Pienso en cuando doy clase de matemáticas. Les pongo un examen con un problema, una pregunta con cinco posibles respuestas. Las ideologías te dicen cuál es la respuesta correcta. Imagina que el día antes del examen vas al despacho del profesor, miras el folio del examen y ves todas las respuestas, de tal modo que llegas al examen y respondes, sacas la nota más alta porque tienes las respuestas. ¡Pero tú no has hecho el examen! Este desafío de ponerse delante de un problema y tratar de encontrar la respuesta, o de buscar la más adecuada entre las cinco posibles. Es el trabajo que yo llamo “vivir”. El riesgo de la ideología es que reduce el ejercicio de vivir, ese riesgo de la libertad. Puedes acabar la vida contento porque has sacado la máxima nota, pero no has vivido.

Así que, ¿cuál es la mejor respuesta? Alguien que enseñe a los jóvenes a vivir, a caminar a través del camino del descubrimiento de su yo. Como profesor de matemáticas, no doy clase ofreciendo respuestas sino enseñando a afrontar el problema, a mirarlo, a pensar cómo moverse, qué quiere decir. La ideología y el creen que basta con saber la respuesta. Para mí, el desafío de la educación se sitúa justo a este nivel, pero no solo a nivel humano sino también a nivel de la conciencia, a nivel del amor, a nivel del vivir.

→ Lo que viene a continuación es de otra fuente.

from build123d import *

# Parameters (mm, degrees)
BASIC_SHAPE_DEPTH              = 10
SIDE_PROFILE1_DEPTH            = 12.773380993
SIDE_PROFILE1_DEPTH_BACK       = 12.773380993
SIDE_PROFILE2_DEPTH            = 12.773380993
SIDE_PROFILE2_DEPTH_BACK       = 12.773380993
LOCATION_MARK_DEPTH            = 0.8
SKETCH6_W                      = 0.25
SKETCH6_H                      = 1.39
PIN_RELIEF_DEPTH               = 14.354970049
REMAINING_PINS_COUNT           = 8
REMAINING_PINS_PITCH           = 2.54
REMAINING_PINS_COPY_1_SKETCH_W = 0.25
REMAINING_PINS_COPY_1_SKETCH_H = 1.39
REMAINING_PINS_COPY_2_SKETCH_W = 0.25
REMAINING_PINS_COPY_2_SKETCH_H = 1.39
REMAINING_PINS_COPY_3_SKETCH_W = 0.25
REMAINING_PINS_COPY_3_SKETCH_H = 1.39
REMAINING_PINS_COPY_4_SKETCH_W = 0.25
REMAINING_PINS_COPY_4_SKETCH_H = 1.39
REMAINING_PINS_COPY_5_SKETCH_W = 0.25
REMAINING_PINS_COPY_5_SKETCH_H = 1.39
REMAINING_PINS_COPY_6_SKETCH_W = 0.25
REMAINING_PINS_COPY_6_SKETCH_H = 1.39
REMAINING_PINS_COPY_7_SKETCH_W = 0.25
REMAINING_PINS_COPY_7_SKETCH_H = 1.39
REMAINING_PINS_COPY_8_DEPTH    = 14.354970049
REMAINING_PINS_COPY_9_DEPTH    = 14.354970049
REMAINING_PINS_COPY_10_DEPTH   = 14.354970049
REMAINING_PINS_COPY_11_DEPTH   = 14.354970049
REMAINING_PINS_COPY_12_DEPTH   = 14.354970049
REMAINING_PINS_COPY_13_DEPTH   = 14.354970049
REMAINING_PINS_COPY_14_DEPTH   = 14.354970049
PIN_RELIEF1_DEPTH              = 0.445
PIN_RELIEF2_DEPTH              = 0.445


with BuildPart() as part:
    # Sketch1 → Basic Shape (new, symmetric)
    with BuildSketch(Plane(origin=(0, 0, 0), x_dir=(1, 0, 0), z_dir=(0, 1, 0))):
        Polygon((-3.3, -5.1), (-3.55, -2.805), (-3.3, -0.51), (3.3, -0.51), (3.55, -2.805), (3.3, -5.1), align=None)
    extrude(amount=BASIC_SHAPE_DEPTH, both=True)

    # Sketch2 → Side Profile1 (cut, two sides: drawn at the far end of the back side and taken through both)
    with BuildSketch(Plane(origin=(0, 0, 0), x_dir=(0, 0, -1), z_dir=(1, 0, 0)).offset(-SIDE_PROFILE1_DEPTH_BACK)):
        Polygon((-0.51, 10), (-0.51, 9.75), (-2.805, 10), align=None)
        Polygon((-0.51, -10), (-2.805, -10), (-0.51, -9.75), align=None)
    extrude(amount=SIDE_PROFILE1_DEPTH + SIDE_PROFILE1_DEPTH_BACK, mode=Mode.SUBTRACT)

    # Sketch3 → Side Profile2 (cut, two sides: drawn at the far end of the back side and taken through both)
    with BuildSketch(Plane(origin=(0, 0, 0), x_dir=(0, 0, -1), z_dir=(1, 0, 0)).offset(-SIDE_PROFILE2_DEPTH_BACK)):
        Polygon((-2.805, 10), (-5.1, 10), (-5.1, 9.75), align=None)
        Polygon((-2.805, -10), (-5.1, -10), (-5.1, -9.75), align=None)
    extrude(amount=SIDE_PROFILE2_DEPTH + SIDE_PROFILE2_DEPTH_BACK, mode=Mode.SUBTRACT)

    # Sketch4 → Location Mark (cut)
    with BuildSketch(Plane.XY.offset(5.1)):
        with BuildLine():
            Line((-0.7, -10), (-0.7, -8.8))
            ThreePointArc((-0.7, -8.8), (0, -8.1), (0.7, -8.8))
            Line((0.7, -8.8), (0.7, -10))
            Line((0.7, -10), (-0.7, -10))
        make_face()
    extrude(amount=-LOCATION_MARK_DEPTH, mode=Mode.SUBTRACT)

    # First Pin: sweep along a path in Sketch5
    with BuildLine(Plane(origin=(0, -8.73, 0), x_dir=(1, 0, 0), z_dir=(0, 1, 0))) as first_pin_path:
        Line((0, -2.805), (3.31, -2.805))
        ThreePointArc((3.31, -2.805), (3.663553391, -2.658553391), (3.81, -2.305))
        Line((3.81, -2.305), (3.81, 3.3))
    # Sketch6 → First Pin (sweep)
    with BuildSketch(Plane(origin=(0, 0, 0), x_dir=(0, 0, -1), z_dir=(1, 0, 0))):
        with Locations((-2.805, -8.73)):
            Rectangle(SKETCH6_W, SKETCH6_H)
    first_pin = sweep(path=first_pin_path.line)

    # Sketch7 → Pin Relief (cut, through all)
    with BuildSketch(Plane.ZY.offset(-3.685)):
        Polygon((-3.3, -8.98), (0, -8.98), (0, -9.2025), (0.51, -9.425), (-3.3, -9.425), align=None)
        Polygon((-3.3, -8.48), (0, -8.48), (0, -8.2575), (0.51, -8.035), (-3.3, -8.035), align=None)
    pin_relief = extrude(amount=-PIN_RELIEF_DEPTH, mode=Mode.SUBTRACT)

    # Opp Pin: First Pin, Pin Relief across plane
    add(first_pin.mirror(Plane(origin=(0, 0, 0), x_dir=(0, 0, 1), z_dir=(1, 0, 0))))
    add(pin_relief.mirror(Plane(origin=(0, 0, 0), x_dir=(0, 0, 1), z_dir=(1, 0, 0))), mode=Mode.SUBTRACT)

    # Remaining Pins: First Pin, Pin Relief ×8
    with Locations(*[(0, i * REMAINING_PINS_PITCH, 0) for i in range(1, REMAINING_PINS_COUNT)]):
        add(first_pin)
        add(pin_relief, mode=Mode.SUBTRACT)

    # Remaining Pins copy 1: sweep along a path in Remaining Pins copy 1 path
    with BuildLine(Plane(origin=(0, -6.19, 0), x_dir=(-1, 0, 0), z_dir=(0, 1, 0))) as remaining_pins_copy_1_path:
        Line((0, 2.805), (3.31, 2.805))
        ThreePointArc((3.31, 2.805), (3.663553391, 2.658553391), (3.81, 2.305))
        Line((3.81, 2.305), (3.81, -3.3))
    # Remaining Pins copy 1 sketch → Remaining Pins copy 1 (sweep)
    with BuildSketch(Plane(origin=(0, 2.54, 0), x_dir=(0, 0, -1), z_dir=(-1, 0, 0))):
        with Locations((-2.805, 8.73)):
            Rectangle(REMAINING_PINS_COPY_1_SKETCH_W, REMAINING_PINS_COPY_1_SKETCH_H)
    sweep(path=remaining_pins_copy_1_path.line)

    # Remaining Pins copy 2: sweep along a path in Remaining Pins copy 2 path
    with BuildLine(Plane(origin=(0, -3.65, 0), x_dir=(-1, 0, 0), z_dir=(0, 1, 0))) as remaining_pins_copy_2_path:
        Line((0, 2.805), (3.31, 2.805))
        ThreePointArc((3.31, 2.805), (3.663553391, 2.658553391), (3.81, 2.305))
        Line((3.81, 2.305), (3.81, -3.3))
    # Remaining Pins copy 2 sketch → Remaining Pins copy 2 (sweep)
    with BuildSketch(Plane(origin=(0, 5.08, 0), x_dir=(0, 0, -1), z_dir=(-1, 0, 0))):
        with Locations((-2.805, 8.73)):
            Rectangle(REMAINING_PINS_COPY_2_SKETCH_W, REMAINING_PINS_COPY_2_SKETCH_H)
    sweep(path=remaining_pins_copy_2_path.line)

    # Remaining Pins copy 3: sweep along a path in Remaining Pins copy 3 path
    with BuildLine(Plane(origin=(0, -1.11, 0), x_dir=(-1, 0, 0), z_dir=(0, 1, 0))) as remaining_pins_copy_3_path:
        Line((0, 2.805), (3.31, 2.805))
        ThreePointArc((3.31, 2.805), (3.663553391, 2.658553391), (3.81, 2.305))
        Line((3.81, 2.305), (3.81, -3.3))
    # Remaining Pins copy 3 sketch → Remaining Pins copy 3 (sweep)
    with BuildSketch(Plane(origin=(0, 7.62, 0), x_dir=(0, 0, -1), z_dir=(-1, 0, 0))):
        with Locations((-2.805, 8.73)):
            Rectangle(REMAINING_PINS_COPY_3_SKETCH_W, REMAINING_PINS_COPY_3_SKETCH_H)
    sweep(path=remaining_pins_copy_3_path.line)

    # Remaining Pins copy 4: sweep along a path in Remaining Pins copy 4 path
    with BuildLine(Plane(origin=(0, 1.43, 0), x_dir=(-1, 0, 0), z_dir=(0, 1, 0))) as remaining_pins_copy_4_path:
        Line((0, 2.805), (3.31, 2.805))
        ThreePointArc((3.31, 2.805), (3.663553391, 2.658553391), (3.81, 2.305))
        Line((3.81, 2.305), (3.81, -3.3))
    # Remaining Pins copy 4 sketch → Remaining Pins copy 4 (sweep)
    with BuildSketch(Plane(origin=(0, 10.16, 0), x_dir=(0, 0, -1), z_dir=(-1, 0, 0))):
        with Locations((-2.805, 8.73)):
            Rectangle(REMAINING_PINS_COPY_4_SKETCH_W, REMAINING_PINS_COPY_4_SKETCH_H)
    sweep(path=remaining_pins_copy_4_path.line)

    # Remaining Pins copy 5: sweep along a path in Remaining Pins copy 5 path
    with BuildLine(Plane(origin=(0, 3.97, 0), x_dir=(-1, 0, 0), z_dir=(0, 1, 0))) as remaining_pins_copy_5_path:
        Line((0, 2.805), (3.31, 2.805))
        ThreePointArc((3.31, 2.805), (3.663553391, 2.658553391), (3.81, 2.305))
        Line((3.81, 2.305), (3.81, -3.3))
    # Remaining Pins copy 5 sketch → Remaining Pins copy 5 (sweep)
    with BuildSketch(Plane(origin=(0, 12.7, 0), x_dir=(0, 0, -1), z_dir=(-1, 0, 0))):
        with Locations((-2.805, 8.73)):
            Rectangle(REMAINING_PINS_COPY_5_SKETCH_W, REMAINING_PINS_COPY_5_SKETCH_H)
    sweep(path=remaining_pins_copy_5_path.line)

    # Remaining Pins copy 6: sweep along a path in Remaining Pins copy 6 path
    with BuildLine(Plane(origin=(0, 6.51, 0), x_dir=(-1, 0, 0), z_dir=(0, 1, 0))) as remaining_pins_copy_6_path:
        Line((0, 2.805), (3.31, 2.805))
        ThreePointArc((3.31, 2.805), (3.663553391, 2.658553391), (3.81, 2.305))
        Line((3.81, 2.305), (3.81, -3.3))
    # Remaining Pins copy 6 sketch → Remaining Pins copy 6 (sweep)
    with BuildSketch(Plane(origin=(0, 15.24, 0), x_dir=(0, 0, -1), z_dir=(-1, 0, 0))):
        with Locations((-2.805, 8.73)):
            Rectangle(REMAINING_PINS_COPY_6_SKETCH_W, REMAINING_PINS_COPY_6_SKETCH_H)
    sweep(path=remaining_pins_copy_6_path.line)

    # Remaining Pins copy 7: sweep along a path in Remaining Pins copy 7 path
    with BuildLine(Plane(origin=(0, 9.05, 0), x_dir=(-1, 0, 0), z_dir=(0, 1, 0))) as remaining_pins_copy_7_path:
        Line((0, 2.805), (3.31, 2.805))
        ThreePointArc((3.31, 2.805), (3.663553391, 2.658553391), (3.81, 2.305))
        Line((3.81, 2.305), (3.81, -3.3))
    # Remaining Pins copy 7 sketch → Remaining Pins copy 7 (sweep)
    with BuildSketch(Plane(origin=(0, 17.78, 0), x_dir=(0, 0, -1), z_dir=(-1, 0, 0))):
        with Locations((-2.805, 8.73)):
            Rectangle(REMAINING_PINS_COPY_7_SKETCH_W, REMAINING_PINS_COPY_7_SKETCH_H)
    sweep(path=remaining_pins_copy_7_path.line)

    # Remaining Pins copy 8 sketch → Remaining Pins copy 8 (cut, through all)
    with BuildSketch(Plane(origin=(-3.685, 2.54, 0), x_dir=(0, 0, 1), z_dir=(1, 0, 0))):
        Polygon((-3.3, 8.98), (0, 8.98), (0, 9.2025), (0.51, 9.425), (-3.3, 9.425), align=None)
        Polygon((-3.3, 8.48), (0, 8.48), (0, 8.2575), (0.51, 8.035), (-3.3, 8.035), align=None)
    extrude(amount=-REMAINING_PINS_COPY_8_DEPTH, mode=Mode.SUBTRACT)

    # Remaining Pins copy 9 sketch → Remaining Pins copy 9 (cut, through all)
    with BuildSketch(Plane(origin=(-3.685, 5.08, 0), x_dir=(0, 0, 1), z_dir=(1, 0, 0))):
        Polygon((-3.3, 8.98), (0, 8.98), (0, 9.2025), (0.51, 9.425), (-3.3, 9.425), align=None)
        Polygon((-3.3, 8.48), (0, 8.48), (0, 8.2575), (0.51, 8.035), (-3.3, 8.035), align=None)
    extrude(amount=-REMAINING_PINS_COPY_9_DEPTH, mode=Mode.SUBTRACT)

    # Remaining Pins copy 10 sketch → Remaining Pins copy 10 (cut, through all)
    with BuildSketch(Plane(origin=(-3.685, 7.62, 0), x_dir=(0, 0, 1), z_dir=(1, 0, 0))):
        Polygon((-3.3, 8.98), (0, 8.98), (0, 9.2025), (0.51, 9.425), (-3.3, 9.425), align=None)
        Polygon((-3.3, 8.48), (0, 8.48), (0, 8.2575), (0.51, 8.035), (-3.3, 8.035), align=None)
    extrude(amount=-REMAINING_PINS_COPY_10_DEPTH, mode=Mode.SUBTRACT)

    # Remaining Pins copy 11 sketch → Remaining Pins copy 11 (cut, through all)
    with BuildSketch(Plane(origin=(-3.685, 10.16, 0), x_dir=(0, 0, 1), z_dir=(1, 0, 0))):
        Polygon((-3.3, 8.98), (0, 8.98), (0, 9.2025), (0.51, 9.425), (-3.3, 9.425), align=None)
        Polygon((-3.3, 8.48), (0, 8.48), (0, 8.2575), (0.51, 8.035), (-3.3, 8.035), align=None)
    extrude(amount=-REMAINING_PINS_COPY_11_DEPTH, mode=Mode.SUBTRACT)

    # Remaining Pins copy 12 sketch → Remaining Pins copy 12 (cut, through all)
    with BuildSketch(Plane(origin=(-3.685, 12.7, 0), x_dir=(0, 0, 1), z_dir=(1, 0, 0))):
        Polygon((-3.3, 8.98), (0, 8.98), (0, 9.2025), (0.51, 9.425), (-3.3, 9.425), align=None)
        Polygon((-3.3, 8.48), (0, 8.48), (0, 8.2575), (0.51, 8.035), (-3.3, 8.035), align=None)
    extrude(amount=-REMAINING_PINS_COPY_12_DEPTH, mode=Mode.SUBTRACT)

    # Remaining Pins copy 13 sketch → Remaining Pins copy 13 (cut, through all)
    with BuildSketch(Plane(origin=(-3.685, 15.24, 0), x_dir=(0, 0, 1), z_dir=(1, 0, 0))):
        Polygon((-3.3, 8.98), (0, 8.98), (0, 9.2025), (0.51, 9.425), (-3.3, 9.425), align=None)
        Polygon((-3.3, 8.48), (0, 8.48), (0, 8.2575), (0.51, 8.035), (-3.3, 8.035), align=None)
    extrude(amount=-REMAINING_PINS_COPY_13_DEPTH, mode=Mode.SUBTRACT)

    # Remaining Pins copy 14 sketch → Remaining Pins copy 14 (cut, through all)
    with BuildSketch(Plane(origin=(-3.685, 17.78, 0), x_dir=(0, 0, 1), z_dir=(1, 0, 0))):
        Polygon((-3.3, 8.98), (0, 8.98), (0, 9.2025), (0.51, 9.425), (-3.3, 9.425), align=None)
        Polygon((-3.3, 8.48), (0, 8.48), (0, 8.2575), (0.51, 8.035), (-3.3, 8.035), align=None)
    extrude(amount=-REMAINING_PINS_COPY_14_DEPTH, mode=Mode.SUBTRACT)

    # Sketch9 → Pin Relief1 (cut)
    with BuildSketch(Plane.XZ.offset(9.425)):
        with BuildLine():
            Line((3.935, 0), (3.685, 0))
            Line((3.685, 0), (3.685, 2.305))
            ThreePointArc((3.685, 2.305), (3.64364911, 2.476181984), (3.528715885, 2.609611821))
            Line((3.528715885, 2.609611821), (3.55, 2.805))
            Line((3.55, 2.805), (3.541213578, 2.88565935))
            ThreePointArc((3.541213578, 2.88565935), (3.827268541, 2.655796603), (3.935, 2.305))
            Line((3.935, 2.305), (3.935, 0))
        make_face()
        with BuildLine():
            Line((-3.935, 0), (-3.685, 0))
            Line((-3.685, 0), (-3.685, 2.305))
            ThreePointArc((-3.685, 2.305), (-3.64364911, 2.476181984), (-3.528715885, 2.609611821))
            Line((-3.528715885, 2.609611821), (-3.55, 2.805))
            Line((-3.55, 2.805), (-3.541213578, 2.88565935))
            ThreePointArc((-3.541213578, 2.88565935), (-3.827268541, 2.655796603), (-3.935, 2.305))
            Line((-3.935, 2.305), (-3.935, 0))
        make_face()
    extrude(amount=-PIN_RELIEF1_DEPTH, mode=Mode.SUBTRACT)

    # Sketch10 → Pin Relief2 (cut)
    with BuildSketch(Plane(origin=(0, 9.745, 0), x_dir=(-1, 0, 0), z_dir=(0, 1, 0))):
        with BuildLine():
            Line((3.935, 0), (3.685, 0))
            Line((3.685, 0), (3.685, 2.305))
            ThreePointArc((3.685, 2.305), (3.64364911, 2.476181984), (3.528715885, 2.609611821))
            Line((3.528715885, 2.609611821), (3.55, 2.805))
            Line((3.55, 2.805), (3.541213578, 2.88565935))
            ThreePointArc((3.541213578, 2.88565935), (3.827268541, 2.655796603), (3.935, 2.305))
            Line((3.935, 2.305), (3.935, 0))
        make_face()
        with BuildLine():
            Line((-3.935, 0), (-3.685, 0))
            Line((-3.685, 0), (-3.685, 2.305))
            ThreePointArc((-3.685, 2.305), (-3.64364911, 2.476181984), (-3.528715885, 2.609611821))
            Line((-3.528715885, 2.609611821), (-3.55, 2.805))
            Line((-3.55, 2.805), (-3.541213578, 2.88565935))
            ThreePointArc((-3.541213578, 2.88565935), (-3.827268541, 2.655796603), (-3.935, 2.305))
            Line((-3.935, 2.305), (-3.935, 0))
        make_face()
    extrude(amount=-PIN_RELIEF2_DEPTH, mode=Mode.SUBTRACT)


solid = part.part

Necesitamos alguien que eduque para vivir. Como adultos, en un momento dado, hemos encontrado dentro de esa multiplicidad de respuestas una que es más adecuada. Pero no porque yo proponga la respuesta, te la explique o conozca su lógica, puedo permitirme ahorrarle el trabajo a los jóvenes.

La cuestión es si verdaderamente queremos ayudar a los jóvenes en un momento como este, en el que se desconfía de la idea de la autoridad. Hace falta una autoridad que ayude de verdad, que me eduque, que sienta estima por mi trabajo.

A mis alumnos, también con sus respuestas más variopintas sobre su identidad, los miro siempre con una gran estima porque lo están intentando. Eso es vivir: intentar, probar qué puede responder a ese algo misterioso que hay dentro de cada uno y que nos empuja a encontrarnos con el otro, con el que es diferente, con lo desconocido. Los adultos tenemos miedo a este riesgo, pero no por los jóvenes, sino por nosotros mismos. Los chicos nos ponen a prueba. Ciertas respuestas son realmente extrañas, pero lo están intentando, ¿hay alguien que pueda acompañarles de verdad?